Miré a Wanda aterrado.
—Va usted más allá de mis ensueños.
—Sí; nosotras, las, mujeres, somos ingeniosas; tenga usted cuidado con su ideal,
porque puede ocurrirle que le trate peor que usted se imagine. —¡Temo haberle encontrado
ya! —exclamé, hundiendo mi cabeza abrasada entre
sus senos.
—¡No seguramente en mí!
Y desprendiéndose de las pieles, rió, saltando por la habitación. Reía aún cuando yo
bajaba la escalera, y sumido en mis reflexiones, vestido a medias, escuchaba aún arriba su
risa loca, maliciosa.
—¿Podría encarnar ante usted su ideal? —me preguntó Wanda con aire travieso,
cuando, a la mañana siguiente, nos encontramos en el parque.

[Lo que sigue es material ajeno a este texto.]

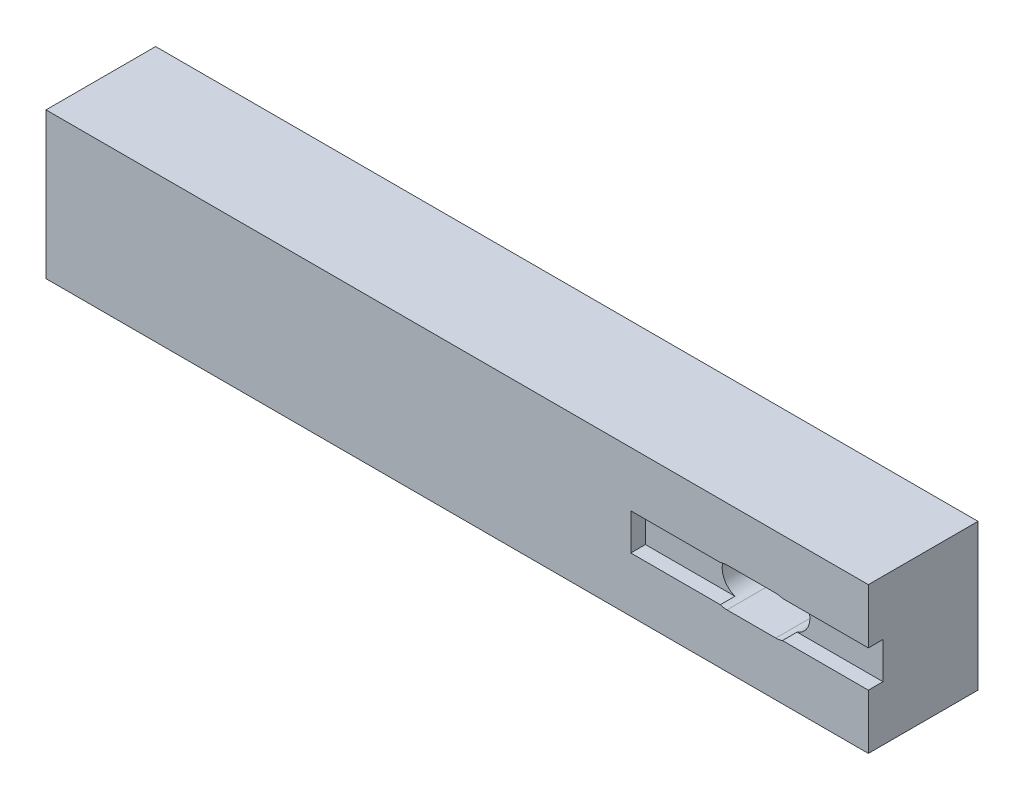
ISO-10303-21;
HEADER;
FILE_DESCRIPTION(('STEP AP214'),'2;1');
FILE_NAME('part.step','',(''),(''),'','','');
FILE_SCHEMA(('AUTOMOTIVE_DESIGN { 1 0 10303 214 1 1 1 1 }'));
ENDSEC;
DATA;
#1=APPLICATION_CONTEXT('core data for automotive mechanical design processes');
#2=APPLICATION_PROTOCOL_DEFINITION('international standard','automotive_design',2000,#1);
#3=PRODUCT_CONTEXT('',#1,'mechanical');
#4=PRODUCT('Part','Part','',(#3));
#5=PRODUCT_RELATED_PRODUCT_CATEGORY('part','',(#4));
#6=PRODUCT_DEFINITION_FORMATION('','',#4);
#7=PRODUCT_DEFINITION_CONTEXT('part definition',#1,'design');
#8=PRODUCT_DEFINITION('design','',#6,#7);
#9=PRODUCT_DEFINITION_SHAPE('','',#8);
#10=(LENGTH_UNIT() NAMED_UNIT(*) SI_UNIT(.MILLI.,.METRE.));
#11=(NAMED_UNIT(*) PLANE_ANGLE_UNIT() SI_UNIT($,.RADIAN.));
#12=(NAMED_UNIT(*) SI_UNIT($,.STERADIAN.) SOLID_ANGLE_UNIT());
#13=UNCERTAINTY_MEASURE_WITH_UNIT(LENGTH_MEASURE(1.E-05),#10,'distance_accuracy_value','');
#14=(GEOMETRIC_REPRESENTATION_CONTEXT(3) GLOBAL_UNCERTAINTY_ASSIGNED_CONTEXT((#13)) GLOBAL_UNIT_ASSIGNED_CONTEXT((#10,
#11,#12)) REPRESENTATION_CONTEXT('',''));
#15=CARTESIAN_POINT('',(0.,0.,0.));
#16=DIRECTION('',(0.,0.,1.));
#17=DIRECTION('',(1.,0.,0.));
#18=AXIS2_PLACEMENT_3D('',#15,#16,#17);
#19=CARTESIAN_POINT('',(82.5,0.,25.));
#20=DIRECTION('',(-1.,0.,0.));
#21=DIRECTION('',(0.,0.,1.));
#22=AXIS2_PLACEMENT_3D('',#19,#20,#21);
#23=PLANE('',#22);
#24=DIRECTION('',(0.,1.,0.));
#25=VECTOR('',#24,1.);
#26=CARTESIAN_POINT('',(82.5,0.,25.));
#27=LINE('',#26,#25);
#28=CARTESIAN_POINT('',(82.5,9.00000000000001,25.));
#29=VERTEX_POINT('',#28);
#30=CARTESIAN_POINT('',(82.5,16.5,25.));
#31=VERTEX_POINT('',#30);
#32=EDGE_CURVE('E288',#29,#31,#27,.T.);
#33=ORIENTED_EDGE('',*,*,#32,.F.);
#34=DIRECTION('',(0.,0.,1.));
#35=VECTOR('',#34,1.);
#36=CARTESIAN_POINT('',(82.5,9.00000000000001,23.));
#37=LINE('',#36,#35);
#38=CARTESIAN_POINT('',(82.5,9.00000000000001,23.));
#39=VERTEX_POINT('',#38);
#40=EDGE_CURVE('E220',#39,#29,#37,.T.);
#41=ORIENTED_EDGE('',*,*,#40,.F.);
#42=DIRECTION('',(0.,1.,0.));
#43=VECTOR('',#42,1.);
#44=CARTESIAN_POINT('',(82.5,9.00000000000001,23.));
#45=LINE('',#44,#43);
#46=CARTESIAN_POINT('',(82.5,4.,23.));
#47=VERTEX_POINT('',#46);
#48=EDGE_CURVE('E198',#47,#39,#45,.T.);
#49=ORIENTED_EDGE('',*,*,#48,.F.);
#50=DIRECTION('',(0.,0.,1.));
#51=VECTOR('',#50,1.);
#52=CARTESIAN_POINT('',(82.5,4.,23.));
#53=LINE('',#52,#51);
#54=CARTESIAN_POINT('',(82.5,4.,25.));
#55=VERTEX_POINT('',#54);
#56=EDGE_CURVE('E223',#47,#55,#53,.T.);
#57=ORIENTED_EDGE('',*,*,#56,.T.);
#58=CARTESIAN_POINT('',(82.5,-3.5,25.));
#59=VERTEX_POINT('',#58);
#60=EDGE_CURVE('E284',#59,#55,#27,.T.);
#61=ORIENTED_EDGE('',*,*,#60,.F.);
#62=DIRECTION('',(0.,0.,1.));
#63=VECTOR('',#62,1.);
#64=CARTESIAN_POINT('',(82.5,-3.5,-18.2179021190449));
#65=LINE('',#64,#63);
#66=CARTESIAN_POINT('',(82.5,-3.5,10.));
#67=VERTEX_POINT('',#66);
#68=EDGE_CURVE('E161',#67,#59,#65,.T.);
#69=ORIENTED_EDGE('',*,*,#68,.F.);
#70=DIRECTION('',(0.,1.,0.));
#71=VECTOR('',#70,1.);
#72=CARTESIAN_POINT('',(82.5,0.,10.));
#73=LINE('',#72,#71);
#74=CARTESIAN_POINT('',(82.5,16.5,10.));
#75=VERTEX_POINT('',#74);
#76=EDGE_CURVE('E283',#67,#75,#73,.T.);
#77=ORIENTED_EDGE('',*,*,#76,.T.);
#78=DIRECTION('',(0.,0.,1.));
#79=VECTOR('',#78,1.);
#80=CARTESIAN_POINT('',(82.5,16.5,-18.2179021190449));
#81=LINE('',#80,#79);
#82=EDGE_CURVE('E166',#75,#31,#81,.T.);
#83=ORIENTED_EDGE('',*,*,#82,.T.);
#84=EDGE_LOOP('',(#33,#41,#49,#57,#61,#69,#77,#83));
#85=FACE_BOUND('',#84,.T.);
#86=ADVANCED_FACE('F39',(#85),#23,.F.);
#87=CARTESIAN_POINT('',(0.,0.,25.));
#88=DIRECTION('',(0.,0.,-1.));
#89=DIRECTION('',(-1.,0.,0.));
#90=AXIS2_PLACEMENT_3D('',#87,#88,#89);
#91=PLANE('',#90);
#92=DIRECTION('',(-1.,0.,0.));
#93=VECTOR('',#92,1.);
#94=CARTESIAN_POINT('',(54.5,16.5,25.));
#95=LINE('',#94,#93);
#96=CARTESIAN_POINT('',(-30.,16.5,25.));
#97=VERTEX_POINT('',#96);
#98=EDGE_CURVE('E172',#31,#97,#95,.T.);
#99=ORIENTED_EDGE('',*,*,#98,.T.);
#100=DIRECTION('',(0.,1.,0.));
#101=VECTOR('',#100,1.);
#102=CARTESIAN_POINT('',(-30.,-3.5,25.));
#103=LINE('',#102,#101);
#104=CARTESIAN_POINT('',(-30.,-3.5,25.));
#105=VERTEX_POINT('',#104);
#106=EDGE_CURVE('E169',#105,#97,#103,.T.);
#107=ORIENTED_EDGE('',*,*,#106,.F.);
#108=DIRECTION('',(1.,0.,0.));
#109=VECTOR('',#108,1.);
#110=CARTESIAN_POINT('',(54.5,-3.5,25.));
#111=LINE('',#110,#109);
#112=EDGE_CURVE('E154',#105,#59,#111,.T.);
#113=ORIENTED_EDGE('',*,*,#112,.T.);
#114=ORIENTED_EDGE('',*,*,#60,.T.);
#115=DIRECTION('',(1.,0.,0.));
#116=VECTOR('',#115,1.);
#117=CARTESIAN_POINT('',(50.,4.,25.));
#118=LINE('',#117,#116);
#119=CARTESIAN_POINT('',(70.7486253353281,4.,25.));
#120=VERTEX_POINT('',#119);
#121=EDGE_CURVE('E208',#120,#55,#118,.T.);
#122=ORIENTED_EDGE('',*,*,#121,.F.);
#123=CARTESIAN_POINT('',(69.84,6.5,25.));
#124=DIRECTION('',(0.,0.,1.));
#125=DIRECTION('',(1.,0.,0.));
#126=AXIS2_PLACEMENT_3D('',#123,#124,#125);
#127=CIRCLE('',#126,2.66);
#128=CARTESIAN_POINT('',(69.84,3.84,25.));
#129=VERTEX_POINT('',#128);
#130=EDGE_CURVE('E249',#129,#120,#127,.T.);
#131=ORIENTED_EDGE('',*,*,#130,.F.);
#132=DIRECTION('',(1.,0.,0.));
#133=VECTOR('',#132,1.);
#134=CARTESIAN_POINT('',(63.16,3.84,25.));
#135=LINE('',#134,#133);
#136=CARTESIAN_POINT('',(63.16,3.84,25.));
#137=VERTEX_POINT('',#136);
#138=EDGE_CURVE('E244',#137,#129,#135,.T.);
#139=ORIENTED_EDGE('',*,*,#138,.F.);
#140=CARTESIAN_POINT('',(63.16,6.5,25.));
#141=DIRECTION('',(0.,0.,1.));
#142=DIRECTION('',(1.,0.,0.));
#143=AXIS2_PLACEMENT_3D('',#140,#141,#142);
#144=CIRCLE('',#143,2.66);
#145=CARTESIAN_POINT('',(62.2513746646719,4.,25.));
#146=VERTEX_POINT('',#145);
#147=EDGE_CURVE('E239',#146,#137,#144,.T.);
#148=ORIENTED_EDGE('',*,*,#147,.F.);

Al principio quedé parado, solicitado por los sentimientos más contrarios. Entre
tanto, ella se sentó en un banco de piedra, jugando con una flor.
—¿Podría?
Me eché a sus plantas y le cogí las manos.
—Se lo ruego a usted otra vez. Sea usted mi mujer, mi fiel y honrada mujer. ¿No
puede serlo usted, por ser mi ideal, absolutamente sin reserva, según sea usted?
—Ya sabe usted que dentro de un año mi mano será de usted si usted es el hombre
que busco — respondió ella con seriedad—; pero, de todos modos, espero que me quede
usted agradecido si realizo su sueño. ¿Qué es lo que prefiere usted?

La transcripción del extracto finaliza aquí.